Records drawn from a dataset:
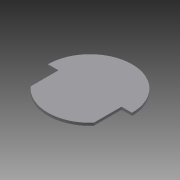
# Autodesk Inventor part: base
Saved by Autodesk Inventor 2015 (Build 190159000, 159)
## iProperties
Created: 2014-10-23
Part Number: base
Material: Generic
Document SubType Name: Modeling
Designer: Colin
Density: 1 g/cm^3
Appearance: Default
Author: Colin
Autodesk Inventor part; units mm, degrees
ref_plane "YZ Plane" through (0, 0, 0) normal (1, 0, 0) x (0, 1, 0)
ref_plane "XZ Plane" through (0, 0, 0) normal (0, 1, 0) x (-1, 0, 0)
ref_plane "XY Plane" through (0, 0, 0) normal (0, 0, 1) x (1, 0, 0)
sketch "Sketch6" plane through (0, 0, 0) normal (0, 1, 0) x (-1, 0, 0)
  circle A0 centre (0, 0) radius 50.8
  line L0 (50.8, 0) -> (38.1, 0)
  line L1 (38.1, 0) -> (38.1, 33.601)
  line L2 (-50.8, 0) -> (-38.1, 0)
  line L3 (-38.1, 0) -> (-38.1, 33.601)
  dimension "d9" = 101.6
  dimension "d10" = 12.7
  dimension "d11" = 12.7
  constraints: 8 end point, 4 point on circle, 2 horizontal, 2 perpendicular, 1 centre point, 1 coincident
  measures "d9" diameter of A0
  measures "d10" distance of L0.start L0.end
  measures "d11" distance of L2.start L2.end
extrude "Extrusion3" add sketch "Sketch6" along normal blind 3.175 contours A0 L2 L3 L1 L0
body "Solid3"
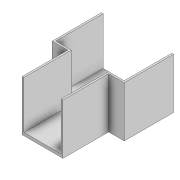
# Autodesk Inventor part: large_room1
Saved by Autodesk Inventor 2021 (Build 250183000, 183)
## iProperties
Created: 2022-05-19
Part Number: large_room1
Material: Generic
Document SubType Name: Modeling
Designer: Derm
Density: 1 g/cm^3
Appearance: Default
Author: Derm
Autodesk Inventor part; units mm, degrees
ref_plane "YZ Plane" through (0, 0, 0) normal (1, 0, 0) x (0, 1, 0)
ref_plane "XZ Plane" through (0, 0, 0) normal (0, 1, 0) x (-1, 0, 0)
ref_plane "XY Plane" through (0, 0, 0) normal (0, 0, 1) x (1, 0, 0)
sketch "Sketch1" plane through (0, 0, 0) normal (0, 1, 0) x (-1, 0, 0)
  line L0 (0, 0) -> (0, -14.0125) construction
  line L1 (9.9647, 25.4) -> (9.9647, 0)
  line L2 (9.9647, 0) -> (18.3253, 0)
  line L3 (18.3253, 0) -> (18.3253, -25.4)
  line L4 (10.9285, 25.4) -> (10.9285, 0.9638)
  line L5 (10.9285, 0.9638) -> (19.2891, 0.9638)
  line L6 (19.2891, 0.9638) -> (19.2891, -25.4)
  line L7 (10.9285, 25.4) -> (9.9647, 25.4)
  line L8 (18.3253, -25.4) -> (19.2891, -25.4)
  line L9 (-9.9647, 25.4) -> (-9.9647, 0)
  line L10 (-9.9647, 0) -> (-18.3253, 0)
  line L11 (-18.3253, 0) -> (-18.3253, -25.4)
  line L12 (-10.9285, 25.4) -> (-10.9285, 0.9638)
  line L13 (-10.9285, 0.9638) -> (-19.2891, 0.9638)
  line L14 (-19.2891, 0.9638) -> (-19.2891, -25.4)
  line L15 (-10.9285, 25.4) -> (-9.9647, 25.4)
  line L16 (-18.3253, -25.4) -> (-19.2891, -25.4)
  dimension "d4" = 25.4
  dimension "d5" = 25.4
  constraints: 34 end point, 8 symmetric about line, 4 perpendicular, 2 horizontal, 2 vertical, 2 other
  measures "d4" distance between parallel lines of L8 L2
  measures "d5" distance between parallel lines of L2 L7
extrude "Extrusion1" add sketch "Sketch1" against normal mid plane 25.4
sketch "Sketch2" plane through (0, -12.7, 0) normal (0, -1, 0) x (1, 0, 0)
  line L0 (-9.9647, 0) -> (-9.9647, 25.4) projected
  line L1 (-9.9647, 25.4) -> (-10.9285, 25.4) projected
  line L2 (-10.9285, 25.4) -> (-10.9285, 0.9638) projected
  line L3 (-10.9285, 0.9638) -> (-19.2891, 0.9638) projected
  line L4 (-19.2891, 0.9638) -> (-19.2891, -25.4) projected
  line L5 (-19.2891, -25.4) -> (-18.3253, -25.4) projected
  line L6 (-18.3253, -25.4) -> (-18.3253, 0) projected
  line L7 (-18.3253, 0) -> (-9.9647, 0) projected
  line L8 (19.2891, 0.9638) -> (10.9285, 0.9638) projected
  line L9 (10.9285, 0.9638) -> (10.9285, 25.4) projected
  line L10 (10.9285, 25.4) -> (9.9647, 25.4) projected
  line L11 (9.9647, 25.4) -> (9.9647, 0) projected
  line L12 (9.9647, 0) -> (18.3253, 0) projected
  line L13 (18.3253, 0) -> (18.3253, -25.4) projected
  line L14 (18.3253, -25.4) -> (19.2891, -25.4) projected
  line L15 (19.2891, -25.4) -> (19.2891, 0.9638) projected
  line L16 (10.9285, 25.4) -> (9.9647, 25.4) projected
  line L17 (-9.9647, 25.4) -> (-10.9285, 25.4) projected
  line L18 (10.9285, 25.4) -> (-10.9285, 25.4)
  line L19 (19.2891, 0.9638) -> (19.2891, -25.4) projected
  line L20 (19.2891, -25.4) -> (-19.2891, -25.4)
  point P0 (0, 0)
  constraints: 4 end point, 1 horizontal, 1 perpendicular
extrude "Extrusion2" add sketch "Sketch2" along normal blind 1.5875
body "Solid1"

Work request:
All entries above should be printed exactly, though without their pictures.

Task solution:
# Autodesk Inventor part: base
Saved by Autodesk Inventor 2015 (Build 190159000, 159)
## iProperties
Created: 2014-10-23
Part Number: base
Material: Generic
Document SubType Name: Modeling
Designer: Colin
Density: 1 g/cm^3
Appearance: Default
Author: Colin
Autodesk Inventor part; units mm, degrees
ref_plane "YZ Plane" through (0, 0, 0) normal (1, 0, 0) x (0, 1, 0)
ref_plane "XZ Plane" through (0, 0, 0) normal (0, 1, 0) x (-1, 0, 0)
ref_plane "XY Plane" through (0, 0, 0) normal (0, 0, 1) x (1, 0, 0)
sketch "Sketch6" plane through (0, 0, 0) normal (0, 1, 0) x (-1, 0, 0)
  circle A0 centre (0, 0) radius 50.8
  line L0 (50.8, 0) -> (38.1, 0)
  line L1 (38.1, 0) -> (38.1, 33.601)
  line L2 (-50.8, 0) -> (-38.1, 0)
  line L3 (-38.1, 0) -> (-38.1, 33.601)
  dimension "d9" = 101.6
  dimension "d10" = 12.7
  dimension "d11" = 12.7
  constraints: 8 end point, 4 point on circle, 2 horizontal, 2 perpendicular, 1 centre point, 1 coincident
  measures "d9" diameter of A0
  measures "d10" distance of L0.start L0.end
  measures "d11" distance of L2.start L2.end
extrude "Extrusion3" add sketch "Sketch6" along normal blind 3.175 contours A0 L2 L3 L1 L0
body "Solid3"
# Autodesk Inventor part: large_room1
Saved by Autodesk Inventor 2021 (Build 250183000, 183)
## iProperties
Created: 2022-05-19
Part Number: large_room1
Material: Generic
Document SubType Name: Modeling
Designer: Derm
Density: 1 g/cm^3
Appearance: Default
Author: Derm
Autodesk Inventor part; units mm, degrees
ref_plane "YZ Plane" through (0, 0, 0) normal (1, 0, 0) x (0, 1, 0)
ref_plane "XZ Plane" through (0, 0, 0) normal (0, 1, 0) x (-1, 0, 0)
ref_plane "XY Plane" through (0, 0, 0) normal (0, 0, 1) x (1, 0, 0)
sketch "Sketch1" plane through (0, 0, 0) normal (0, 1, 0) x (-1, 0, 0)
  line L0 (0, 0) -> (0, -14.0125) construction
  line L1 (9.9647, 25.4) -> (9.9647, 0)
  line L2 (9.9647, 0) -> (18.3253, 0)
  line L3 (18.3253, 0) -> (18.3253, -25.4)
  line L4 (10.9285, 25.4) -> (10.9285, 0.9638)
  line L5 (10.9285, 0.9638) -> (19.2891, 0.9638)
  line L6 (19.2891, 0.9638) -> (19.2891, -25.4)
  line L7 (10.9285, 25.4) -> (9.9647, 25.4)
  line L8 (18.3253, -25.4) -> (19.2891, -25.4)
  line L9 (-9.9647, 25.4) -> (-9.9647, 0)
  line L10 (-9.9647, 0) -> (-18.3253, 0)
  line L11 (-18.3253, 0) -> (-18.3253, -25.4)
  line L12 (-10.9285, 25.4) -> (-10.9285, 0.9638)
  line L13 (-10.9285, 0.9638) -> (-19.2891, 0.9638)
  line L14 (-19.2891, 0.9638) -> (-19.2891, -25.4)
  line L15 (-10.9285, 25.4) -> (-9.9647, 25.4)
  line L16 (-18.3253, -25.4) -> (-19.2891, -25.4)
  dimension "d4" = 25.4
  dimension "d5" = 25.4
  constraints: 34 end point, 8 symmetric about line, 4 perpendicular, 2 horizontal, 2 vertical, 2 other
  measures "d4" distance between parallel lines of L8 L2
  measures "d5" distance between parallel lines of L2 L7
extrude "Extrusion1" add sketch "Sketch1" against normal mid plane 25.4
sketch "Sketch2" plane through (0, -12.7, 0) normal (0, -1, 0) x (1, 0, 0)
  line L0 (-9.9647, 0) -> (-9.9647, 25.4) projected
  line L1 (-9.9647, 25.4) -> (-10.9285, 25.4) projected
  line L2 (-10.9285, 25.4) -> (-10.9285, 0.9638) projected
  line L3 (-10.9285, 0.9638) -> (-19.2891, 0.9638) projected
  line L4 (-19.2891, 0.9638) -> (-19.2891, -25.4) projected
  line L5 (-19.2891, -25.4) -> (-18.3253, -25.4) projected
  line L6 (-18.3253, -25.4) -> (-18.3253, 0) projected
  line L7 (-18.3253, 0) -> (-9.9647, 0) projected
  line L8 (19.2891, 0.9638) -> (10.9285, 0.9638) projected
  line L9 (10.9285, 0.9638) -> (10.9285, 25.4) projected
  line L10 (10.9285, 25.4) -> (9.9647, 25.4) projected
  line L11 (9.9647, 25.4) -> (9.9647, 0) projected
  line L12 (9.9647, 0) -> (18.3253, 0) projected
  line L13 (18.3253, 0) -> (18.3253, -25.4) projected
  line L14 (18.3253, -25.4) -> (19.2891, -25.4) projected
  line L15 (19.2891, -25.4) -> (19.2891, 0.9638) projected
  line L16 (10.9285, 25.4) -> (9.9647, 25.4) projected
  line L17 (-9.9647, 25.4) -> (-10.9285, 25.4) projected
  line L18 (10.9285, 25.4) -> (-10.9285, 25.4)
  line L19 (19.2891, 0.9638) -> (19.2891, -25.4) projected
  line L20 (19.2891, -25.4) -> (-19.2891, -25.4)
  point P0 (0, 0)
  constraints: 4 end point, 1 horizontal, 1 perpendicular
extrude "Extrusion2" add sketch "Sketch2" along normal blind 1.5875
body "Solid1"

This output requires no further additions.